If you are one of those who i working in a hospital, you might be familiar with SOAP note example. Have you ever heard about SOAP before? If not, let’s take a look at it. SOAP is an abbreviation of subjective, objective, assessment, and plan.
For further explanation, SOAP is a document used by medical personnel to record patient information during treatment. Medical personnel who use SOAP records are nurses, therapists, athletes coaches, health consultants, and doctors. Not only as a record of recording patient information, but SOAP notes can also be used as a tool to communicate data to health care providers if patients do not have the opportunity to meet and speak directly.
The definition of SOAP note
It has been explained that SOAP stands for subjective, objective, assessment, and plan. However, what exactly are the intentions of those four words? To find out then see the explanation below.
- Subjective : is a word that refers to everything the patient has to say about, concern, issue, problem and intervention procedure. In this section, you can write down subjective findings based on medical reports.
- Objective : this section refers to what has been observed and examined by health personnel and what treatment steps or procedures will be taken by medical personnel. Usually observed are visibility, waist circumference, soft and hard tissue palpation, active range of motion, passive and resistive or ROM (Range of Motion) – AROM, PROM, RROM, blood circulation, manual muscle test results, and neurological assessment.
- Assessment : this section refers to the diagnosis and possible analysis of various components included in the assessment. You can write a diagnosis that is possible if you have not received a final diagnosis.
- Plans : this section refers to procedures that will be taken or used by health care providers to treat patients or achieve predetermined goals. In this section you can write it down like a therapeutic process, type of medicine or if it is through surgery then what method will be done.
How to make SOAP notes
SOAP note is a written document that must be structured. Therefore, SOAP note example are needed so that there is an appropriate format. To make a SOAP note example is an easy job. The following are tips on making a SOAP note example:
- Start with the contents in the subjective section whose information can be obtained from the patient.

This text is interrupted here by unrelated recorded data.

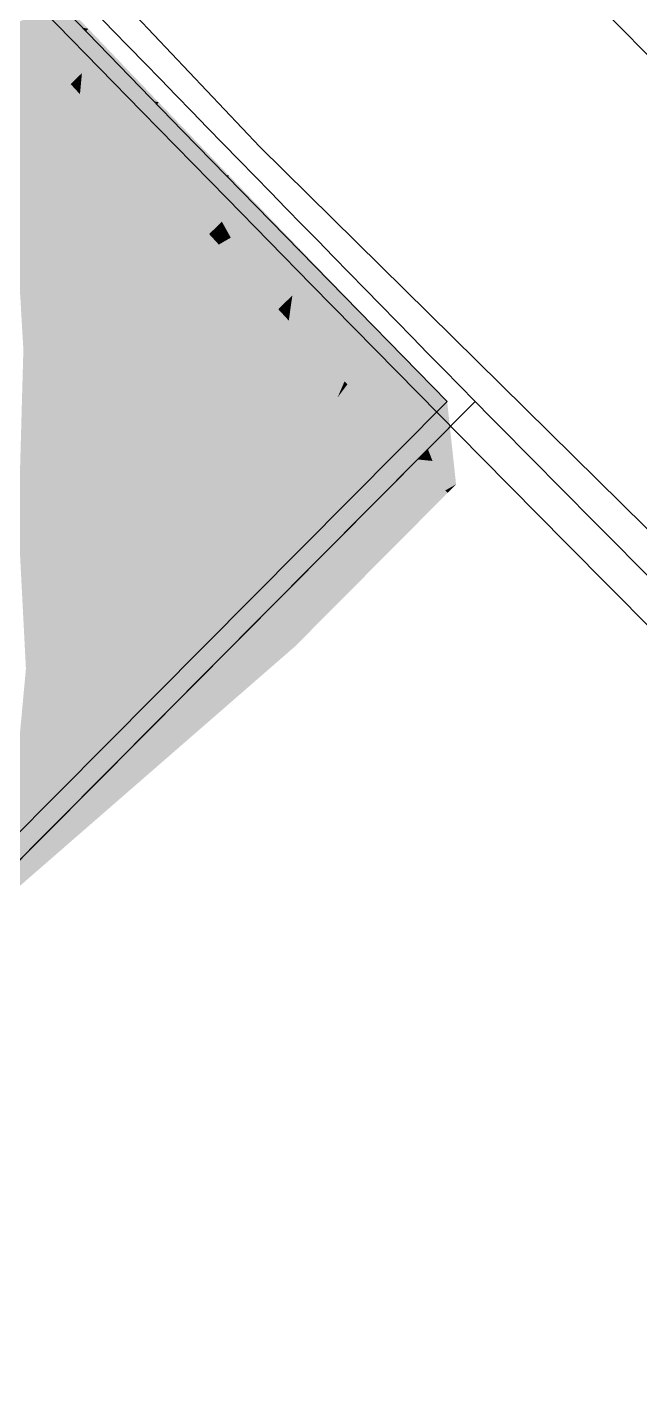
# Model space of a CAD drawing. Header units: millimetres. Extents: x 340454 to 342791, y 6993867 to 6995092.
# Drawn here: x 340845.39 to 340848.44, y 6994539.52 to 6994546.34 of the extents above; entities that cross this region are included whole.
import ezdxf

# ---------------------------------------------------------------- set-up
doc = ezdxf.new("R2010")
doc.units = ezdxf.units.MM
doc.header["$LTSCALE"] = 10
for name, color, linetype in [('A-MODELAGEM', 7, 'Continuous'), ('F-HZ-CORREDOR-FEAT', 2, 'Continuous'), ('URB-Calçadas', 2, 'Continuous'), ('URB-Quadras', 3, 'Continuous')]:
    doc.layers.add(name, color=color, linetype=linetype)
doc.layers.add('LOTES OK', color=7, linetype='Continuous', lineweight=0)
doc.layers.add('PDF2_0', color=9, linetype='Continuous', true_color=0x808080)

msp = doc.modelspace()

# ---------------------------------------------------------------- linework, layer by layer
at = {"layer": 'A-MODELAGEM', "color": 161, "linetype": 'Continuous', "lineweight": -3}
for points in [[(340845.6587, 6994546.3407), (340845.4175, 6994546.5896), (340845.4121, 6994546.3972)], [(340845.4318, 6994546.6035), (340845.4175, 6994546.5896), (340845.69, 6994546.3336)], [(340845.69, 6994546.3336), (340845.4175, 6994546.5896), (340845.6587, 6994546.3407)], [(340845.4121, 6994546.3972), (340845.3222, 6994546.3615), (340845.4085, 6994546.2677)], [(340845.6587, 6994546.3407), (340845.4121, 6994546.3972), (340845.4085, 6994546.2677)], [(340845.3173, 6994545.5586), (340845.3924, 6994545.6906), (340845.3222, 6994546.3615)], [(340845.3924, 6994545.6906), (340845.4085, 6994546.2677), (340845.3222, 6994546.3615)], [(340845.6587, 6994546.3407), (340845.4085, 6994546.2677), (340845.6578, 6994546.113)], [(340845.6774, 6994546.3214), (340845.6587, 6994546.3407), (340845.6578, 6994546.113)], [(340845.7718, 6994546.2242), (340845.6774, 6994546.3214), (340845.6578, 6994546.113)], [(340845.69, 6994546.3336), (340845.6587, 6994546.3407), (340845.6774, 6994546.3214)], [(340845.7836, 6994546.2357), (340845.69, 6994546.3336), (340845.6774, 6994546.3214)], [(340845.7836, 6994546.2357), (340845.6774, 6994546.3214), (340845.7718, 6994546.2242)], [(340845.3924, 6994545.6906), (340845.6014, 6994546.058), (340845.4085, 6994546.2677)], [(340845.6578, 6994546.113), (340845.4085, 6994546.2677), (340845.6014, 6994546.058)], [(340846.0411, 6994545.967), (340845.7836, 6994546.2357), (340845.7718, 6994546.2242)], [(340845.7718, 6994546.2242), (340845.6578, 6994546.113), (340845.7481, 6994546.0277)], [(340845.7718, 6994546.2242), (340845.7481, 6994546.0277), (340845.7894, 6994546.0191)], [(340846.0411, 6994545.967), (340845.7718, 6994546.2242), (340846.0168, 6994545.9721)], [(340846.0168, 6994545.9721), (340845.7718, 6994546.2242), (340845.7894, 6994546.0191)], [(340845.6578, 6994546.113), (340845.6014, 6994546.058), (340845.6517, 6994546.0476)], [(340845.7481, 6994546.0277), (340845.6578, 6994546.113), (340845.6517, 6994546.0476)], [(340845.3924, 6994545.6906), (340845.6479, 6994546.0076), (340845.6014, 6994546.058)], [(340845.6517, 6994546.0476), (340845.6014, 6994546.058), (340845.6479, 6994546.0076)], [(340845.7481, 6994546.0277), (340845.6517, 6994546.0476), (340845.6479, 6994546.0076)], [(340845.7481, 6994546.0277), (340845.6479, 6994546.0076), (340845.7344, 6994545.9138)], [(340845.7894, 6994546.0191), (340845.7481, 6994546.0277), (340845.7344, 6994545.9138)], [(340845.5575, 6994545.0462), (340845.6479, 6994546.0076), (340845.3924, 6994545.6906)], [(340845.5575, 6994545.0462), (340845.6479, 6994545.1942), (340845.6479, 6994546.0076)], [(340845.6479, 6994545.1942), (340845.7344, 6994545.9138), (340845.6479, 6994546.0076)], [(340845.7894, 6994546.0191), (340845.7344, 6994545.9138), (340845.8049, 6994545.8373)], [(340846.0168, 6994545.9721), (340845.7894, 6994546.0191), (340845.8049, 6994545.8373)], [(340846.0311, 6994545.9573), (340846.0168, 6994545.9721), (340845.8049, 6994545.8373)], [(340846.0311, 6994545.9573), (340845.8049, 6994545.8373), (340846.0321, 6994545.7669)], [(340846.0411, 6994545.967), (340846.0168, 6994545.9721), (340846.0311, 6994545.9573)], [(340846.0411, 6994545.967), (340846.0311, 6994545.9573), (340846.1358, 6994545.8683)], [(340846.1265, 6994545.8593), (340846.0311, 6994545.9573), (340846.0321, 6994545.7669)], [(340846.1358, 6994545.8683), (340846.0311, 6994545.9573), (340846.1265, 6994545.8593)], [(340845.6479, 6994545.1942), (340845.834, 6994545.4988), (340845.7344, 6994545.9138)], [(340845.834, 6994545.4988), (340845.8049, 6994545.8373), (340845.7344, 6994545.9138)], [(340846.0321, 6994545.7669), (340845.8049, 6994545.8373), (340845.9468, 6994545.6835)], [(340845.834, 6994545.4988), (340845.9468, 6994545.6835), (340845.8049, 6994545.8373)], [(340846.1265, 6994545.8593), (340846.0321, 6994545.7669), (340846.1205, 6994545.6513)], [(340846.3749, 6994545.6041), (340846.1265, 6994545.8593), (340846.1205, 6994545.6513)], [(340846.3928, 6994545.6008), (340846.1358, 6994545.8683), (340846.1265, 6994545.8593)], [(340846.3928, 6994545.6008), (340846.1265, 6994545.8593), (340846.3749, 6994545.6041)], [(340846.0321, 6994545.7669), (340845.9468, 6994545.6835), (340846.0326, 6994545.6676)], [(340846.0321, 6994545.7669), (340846.0326, 6994545.6676), (340846.1205, 6994545.6513)], [(340845.3656, 6994544.7319), (340845.3924, 6994545.6906), (340845.3173, 6994545.5586)], [(340845.3656, 6994544.7319), (340845.5575, 6994545.0462), (340845.3924, 6994545.6906)], [(340845.834, 6994545.4988), (340846.033, 6994545.5902), (340845.9468, 6994545.6835)], [(340846.0326, 6994545.6676), (340845.9468, 6994545.6835), (340846.033, 6994545.5902)], [(340846.1205, 6994545.6513), (340846.0326, 6994545.6676), (340846.033, 6994545.5902)], [(340846.1205, 6994545.6513), (340846.033, 6994545.5902), (340846.1162, 6994545.5001)], [(340846.3749, 6994545.6041), (340846.1205, 6994545.6513), (340846.1162, 6994545.5001)], [(340846.0363, 6994544.9181), (340846.033, 6994545.5902), (340845.834, 6994545.4988)], [(340846.0363, 6994544.9181), (340846.1025, 6994545.0192), (340846.033, 6994545.5902)], [(340846.1025, 6994545.0192), (340846.1162, 6994545.5001), (340846.033, 6994545.5902)], [(340846.3749, 6994545.6041), (340846.1162, 6994545.5001), (340846.3559, 6994545.3715)], [(340846.3853, 6994545.5934), (340846.3749, 6994545.6041), (340846.3559, 6994545.3715)], [(340846.3853, 6994545.5934), (340846.3559, 6994545.3715), (340846.3945, 6994545.4093)], [(340846.3928, 6994545.6008), (340846.3749, 6994545.6041), (340846.3853, 6994545.5934)], [(340846.3928, 6994545.6008), (340846.3853, 6994545.5934), (340846.4883, 6994545.5013)], [(340846.4815, 6994545.4947), (340846.3853, 6994545.5934), (340846.3945, 6994545.4093)], [(340846.4883, 6994545.5013), (340846.3853, 6994545.5934), (340846.4815, 6994545.4947)], [(340845.9014, 6994544.7121), (340845.834, 6994545.4988), (340845.6479, 6994545.1942)], [(340845.9014, 6994544.7121), (340846.0363, 6994544.9181), (340845.834, 6994545.4988)], [(340846.1025, 6994545.0192), (340846.2925, 6994545.3093), (340846.1162, 6994545.5001)], [(340846.3559, 6994545.3715), (340846.1162, 6994545.5001), (340846.2925, 6994545.3093)], [(340846.4815, 6994545.4947), (340846.3945, 6994545.4093), (340846.4825, 6994545.278)], [(340846.7449, 6994545.2348), (340846.4883, 6994545.5013), (340846.4815, 6994545.4947)], [(340846.7449, 6994545.2348), (340846.4815, 6994545.4947), (340846.7331, 6994545.2368)], [(340846.7331, 6994545.2368), (340846.4815, 6994545.4947), (340846.4825, 6994545.278)], [(340846.3945, 6994545.4093), (340846.3559, 6994545.3715), (340846.4003, 6994545.2916)], [(340846.3945, 6994545.4093), (340846.4003, 6994545.2916), (340846.4825, 6994545.278)], [(340846.3559, 6994545.3715), (340846.2925, 6994545.3093), (340846.3465, 6994545.3004)], [(340846.3559, 6994545.3715), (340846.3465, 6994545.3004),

- You need to know what questions should be asked to patients to fill the subjective component. Avoid to ask a yes no question.
- After you have finished filling in the subjective section, you can continue in the second part, namely objective. This section will contain what you have observed from the patient.
- After that you can check the patient. When conducting an examination you can ask questions and examinations if needed.
- Evaluate the results of the examination and the symptoms that have been carried out.
- Document and record the assessment has been carried out and make a list of diagnoses then arrange the possibilities of diagnosis until you get the final diagnosis. Make sure that all notes are not left behind.
- After getting the final diagnosis, write down the planned actions and treatments and make them in detail as a reference for daily procedures.
SOAP note example is a written data record containing patient information. Therefore the steps in writing a SOAP note are important to note in order to get accurate patient care information.